=== INFORMATION PROVIDED ===
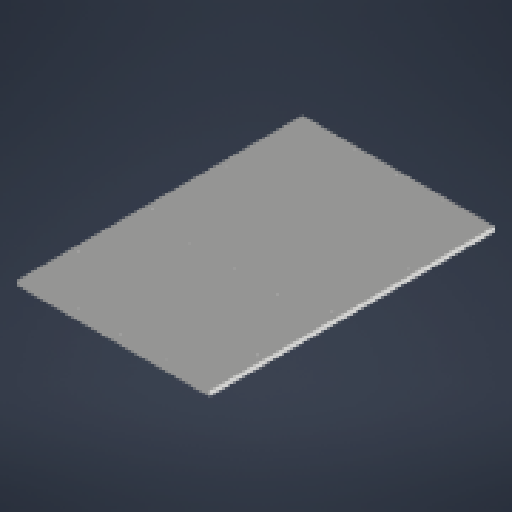
# Autodesk Inventor part: TeflonPlate
Saved by Autodesk Inventor 2027 (Build 310192060, 192F)
## iProperties
Created: 2026-06-12
Part Number: TeflonPlate
Material: Generic
Document SubType Name: Modeling
Designer: kw
Density: 1 g/cm^3
Appearance: Default
Author: kw
Autodesk Inventor part; units mm, degrees
ref_plane "YZ Plane" through (0, 0, 0) normal (1, 0, 0) x (0, 1, 0)
ref_plane "XZ Plane" through (0, 0, 0) normal (0, 1, 0) x (-1, 0, 0)
ref_plane "XY Plane" through (0, 0, 0) normal (0, 0, 1) x (1, 0, 0)
sketch "Sketch1" plane through (0, 0, 0) normal (0, 1, 0) x (-1, 0, 0)
  line L0 (-10, 0) -> (-310, 0)
  line L1 (-310, 0) -> (-310, -500)
  line L2 (-310, -500) -> (-10, -500)
  line L3 (-10, -500) -> (-10, 0)
  line L4 (-310, -500) -> (-320, -500)
  line L5 (-320, -500) -> (-320, 0)
  line L6 (-320, 0) -> (-310, 0)
  line L7 (-310, 0) -> (-310, -500)
  line L8 (-320, -460) -> (-10, -460)
  dimension "d101" = 300
  dimension "d102" = 500
  dimension "d110" = 10
  constraints: 18 end point, 4 parallel, 3 perpendicular, 2 horizontal, 2 point on line
  measures "d101" distance of L2.end L1.end
  measures "d102" distance of L1.end L0.end
  measures "d110" distance of L5.end L6.end
extrude "Extrusion1" add sketch "Sketch1" along normal blind 8 contours L3 L8 L1 L0 | L1 L8 L5 L6
sketch "Sketch5" plane through (0, 8, 0) normal (0, 1, 0) x (1, 0, 0)
  line L0 (10, 0) -> (10, 130)
  line L1 (0, 0) -> (320, 0) projected
  line L2 (10, 0) -> (140, 0) construction
  line L3 (10, 130) -> (10, 250)
  line L4 (10, 250) -> (10, 370)
  line L5 (10, 370) -> (10, 500)
  point P0 (310, 370)
  point P1 (310, 250)
  point P2 (310, 130)
  point P3 (20, 370)
  point P4 (20, 250)
  point P5 (20, 130)
  dimension "d111" = 130
  dimension "d112" = 90
  dimension "d113" = 120
  dimension "d114" = 120
  dimension "d115" = 130
  constraints: 10 end point, 3 point on line, 2 perpendicular, 1 horizontal
  measures "d111" distance of L0.start L0.end
  measures "d112" angle of L2 L0
  measures "d113" distance of L0.end L3.end
  measures "d114" distance of L3.end L4.end
  measures "d115" distance of L4.end L5.end
hole "Hole2" at (310, 8, -130) at (310, 8, -250) at (310, 8, -370) at (20, 8, -130) at (20, 8, -250) at (20, 8, -370) direction (0, -1, 0) diameter 4.3 end through all clearance for "Socket Head Cap Screw ISO 4762" size "M4" standard "ISO"
sketch "Sketch6" plane through (0, 8, 0) normal (0, 1, 0) x (1, 0, 0)
  line L0 (10, 460) -> (10, 0) projected
  line L1 (10, 5) -> (320, 5)
  line L2 (320, 0) -> (320, 460) projected
  line L3 (10, 5) -> (20, 5)
  line L4 (20, 5) -> (100, 5)
  line L5 (100, 5) -> (170, 5)
  line L6 (170, 5) -> (240, 5)
  line L7 (240, 5) -> (320, 5)
  point P0 (0, 0)
  point P1 (10, 500)
  point P2 (320, 500)
  dimension "d143" = 10
  dimension "d144" = 80
  dimension "d145" = 70
  dimension "d146" = 70
  constraints: 12 end point, 5 point on line, 1 collinear, 1 horizontal, 1 other
  measures "d143" distance of L1.start L3.end
  measures "d144" distance of L3.end L4.end
  measures "d145" distance of L4.end L5.end
  measures "d146" distance of L5.end L6.end
hole "Hole3" at (100, 8, -5) at (170, 8, -5) at (240, 8, -5) direction (0, -1, 0) diameter 3.4 end through all clearance for "Socket Head Cap Screw ISO 4762" size "M3" standard "ISO"
sketch "Sketch7" plane through (0, 0, 0) normal (0, -1, 0) x (1, 0, 0)
  line L0 (10, -260) -> (320, -260)
  line L1 (320, 0) -> (320, -460) projected
  line L2 (10, -260) -> (320, -260) construction
  point P0 (0, 0)
  point P1 (320, -500)
  point P2 (100, -270)
  point P3 (170, -270)
  point P4 (240, -270)
  point P5 (100, -450)
  point P6 (170, -450)
  point P7 (240, -450)
  dimension "d148" = 0
  dimension "d151" = 180
  constraints: 4 end point, 1 collinear, 1 horizontal, 1 point on line, 1 vertical, 3 other
  measures "d148" distance between parallel lines of L0 L2
  measures "d151" distance of point (100, -270) point (100, -450)
hole "Hole4" at (100, 0, -270) at (170, 0, -270) at (240, 0, -270) at (100, 0, -450) at (170, 0, -450) at (240, 0, -450) direction (0, 1, 0) diameter 3.4 end through all clearance for "Socket Head Cap Screw ISO 4762" size "M3" standard "ISO"
body "Solid1"

=== GOAL OF THE EXERCISE ===
Reproduce every line of the data above, exactly as it stands, but not the pictures.

=== THE COMPLETED TASK ===
# Autodesk Inventor part: TeflonPlate
Saved by Autodesk Inventor 2027 (Build 310192060, 192F)
## iProperties
Created: 2026-06-12
Part Number: TeflonPlate
Material: Generic
Document SubType Name: Modeling
Designer: kw
Density: 1 g/cm^3
Appearance: Default
Author: kw
Autodesk Inventor part; units mm, degrees
ref_plane "YZ Plane" through (0, 0, 0) normal (1, 0, 0) x (0, 1, 0)
ref_plane "XZ Plane" through (0, 0, 0) normal (0, 1, 0) x (-1, 0, 0)
ref_plane "XY Plane" through (0, 0, 0) normal (0, 0, 1) x (1, 0, 0)
sketch "Sketch1" plane through (0, 0, 0) normal (0, 1, 0) x (-1, 0, 0)
  line L0 (-10, 0) -> (-310, 0)
  line L1 (-310, 0) -> (-310, -500)
  line L2 (-310, -500) -> (-10, -500)
  line L3 (-10, -500) -> (-10, 0)
  line L4 (-310, -500) -> (-320, -500)
  line L5 (-320, -500) -> (-320, 0)
  line L6 (-320, 0) -> (-310, 0)
  line L7 (-310, 0) -> (-310, -500)
  line L8 (-320, -460) -> (-10, -460)
  dimension "d101" = 300
  dimension "d102" = 500
  dimension "d110" = 10
  constraints: 18 end point, 4 parallel, 3 perpendicular, 2 horizontal, 2 point on line
  measures "d101" distance of L2.end L1.end
  measures "d102" distance of L1.end L0.end
  measures "d110" distance of L5.end L6.end
extrude "Extrusion1" add sketch "Sketch1" along normal blind 8 contours L3 L8 L1 L0 | L1 L8 L5 L6
sketch "Sketch5" plane through (0, 8, 0) normal (0, 1, 0) x (1, 0, 0)
  line L0 (10, 0) -> (10, 130)
  line L1 (0, 0) -> (320, 0) projected
  line L2 (10, 0) -> (140, 0) construction
  line L3 (10, 130) -> (10, 250)
  line L4 (10, 250) -> (10, 370)
  line L5 (10, 370) -> (10, 500)
  point P0 (310, 370)
  point P1 (310, 250)
  point P2 (310, 130)
  point P3 (20, 370)
  point P4 (20, 250)
  point P5 (20, 130)
  dimension "d111" = 130
  dimension "d112" = 90
  dimension "d113" = 120
  dimension "d114" = 120
  dimension "d115" = 130
  constraints: 10 end point, 3 point on line, 2 perpendicular, 1 horizontal
  measures "d111" distance of L0.start L0.end
  measures "d112" angle of L2 L0
  measures "d113" distance of L0.end L3.end
  measures "d114" distance of L3.end L4.end
  measures "d115" distance of L4.end L5.end
hole "Hole2" at (310, 8, -130) at (310, 8, -250) at (310, 8, -370) at (20, 8, -130) at (20, 8, -250) at (20, 8, -370) direction (0, -1, 0) diameter 4.3 end through all clearance for "Socket Head Cap Screw ISO 4762" size "M4" standard "ISO"
sketch "Sketch6" plane through (0, 8, 0) normal (0, 1, 0) x (1, 0, 0)
  line L0 (10, 460) -> (10, 0) projected
  line L1 (10, 5) -> (320, 5)
  line L2 (320, 0) -> (320, 460) projected
  line L3 (10, 5) -> (20, 5)
  line L4 (20, 5) -> (100, 5)
  line L5 (100, 5) -> (170, 5)
  line L6 (170, 5) -> (240, 5)
  line L7 (240, 5) -> (320, 5)
  point P0 (0, 0)
  point P1 (10, 500)
  point P2 (320, 500)
  dimension "d143" = 10
  dimension "d144" = 80
  dimension "d145" = 70
  dimension "d146" = 70
  constraints: 12 end point, 5 point on line, 1 collinear, 1 horizontal, 1 other
  measures "d143" distance of L1.start L3.end
  measures "d144" distance of L3.end L4.end
  measures "d145" distance of L4.end L5.end
  measures "d146" distance of L5.end L6.end
hole "Hole3" at (100, 8, -5) at (170, 8, -5) at (240, 8, -5) direction (0, -1, 0) diameter 3.4 end through all clearance for "Socket Head Cap Screw ISO 4762" size "M3" standard "ISO"
sketch "Sketch7" plane through (0, 0, 0) normal (0, -1, 0) x (1, 0, 0)
  line L0 (10, -260) -> (320, -260)
  line L1 (320, 0) -> (320, -460) projected
  line L2 (10, -260) -> (320, -260) construction
  point P0 (0, 0)
  point P1 (320, -500)
  point P2 (100, -270)
  point P3 (170, -270)
  point P4 (240, -270)
  point P5 (100, -450)
  point P6 (170, -450)
  point P7 (240, -450)
  dimension "d148" = 0
  dimension "d151" = 180
  constraints: 4 end point, 1 collinear, 1 horizontal, 1 point on line, 1 vertical, 3 other
  measures "d148" distance between parallel lines of L0 L2
  measures "d151" distance of point (100, -270) point (100, -450)
hole "Hole4" at (100, 0, -270) at (170, 0, -270) at (240, 0, -270) at (100, 0, -450) at (170, 0, -450) at (240, 0, -450) direction (0, 1, 0) diameter 3.4 end through all clearance for "Socket Head Cap Screw ISO 4762" size "M3" standard "ISO"
body "Solid1"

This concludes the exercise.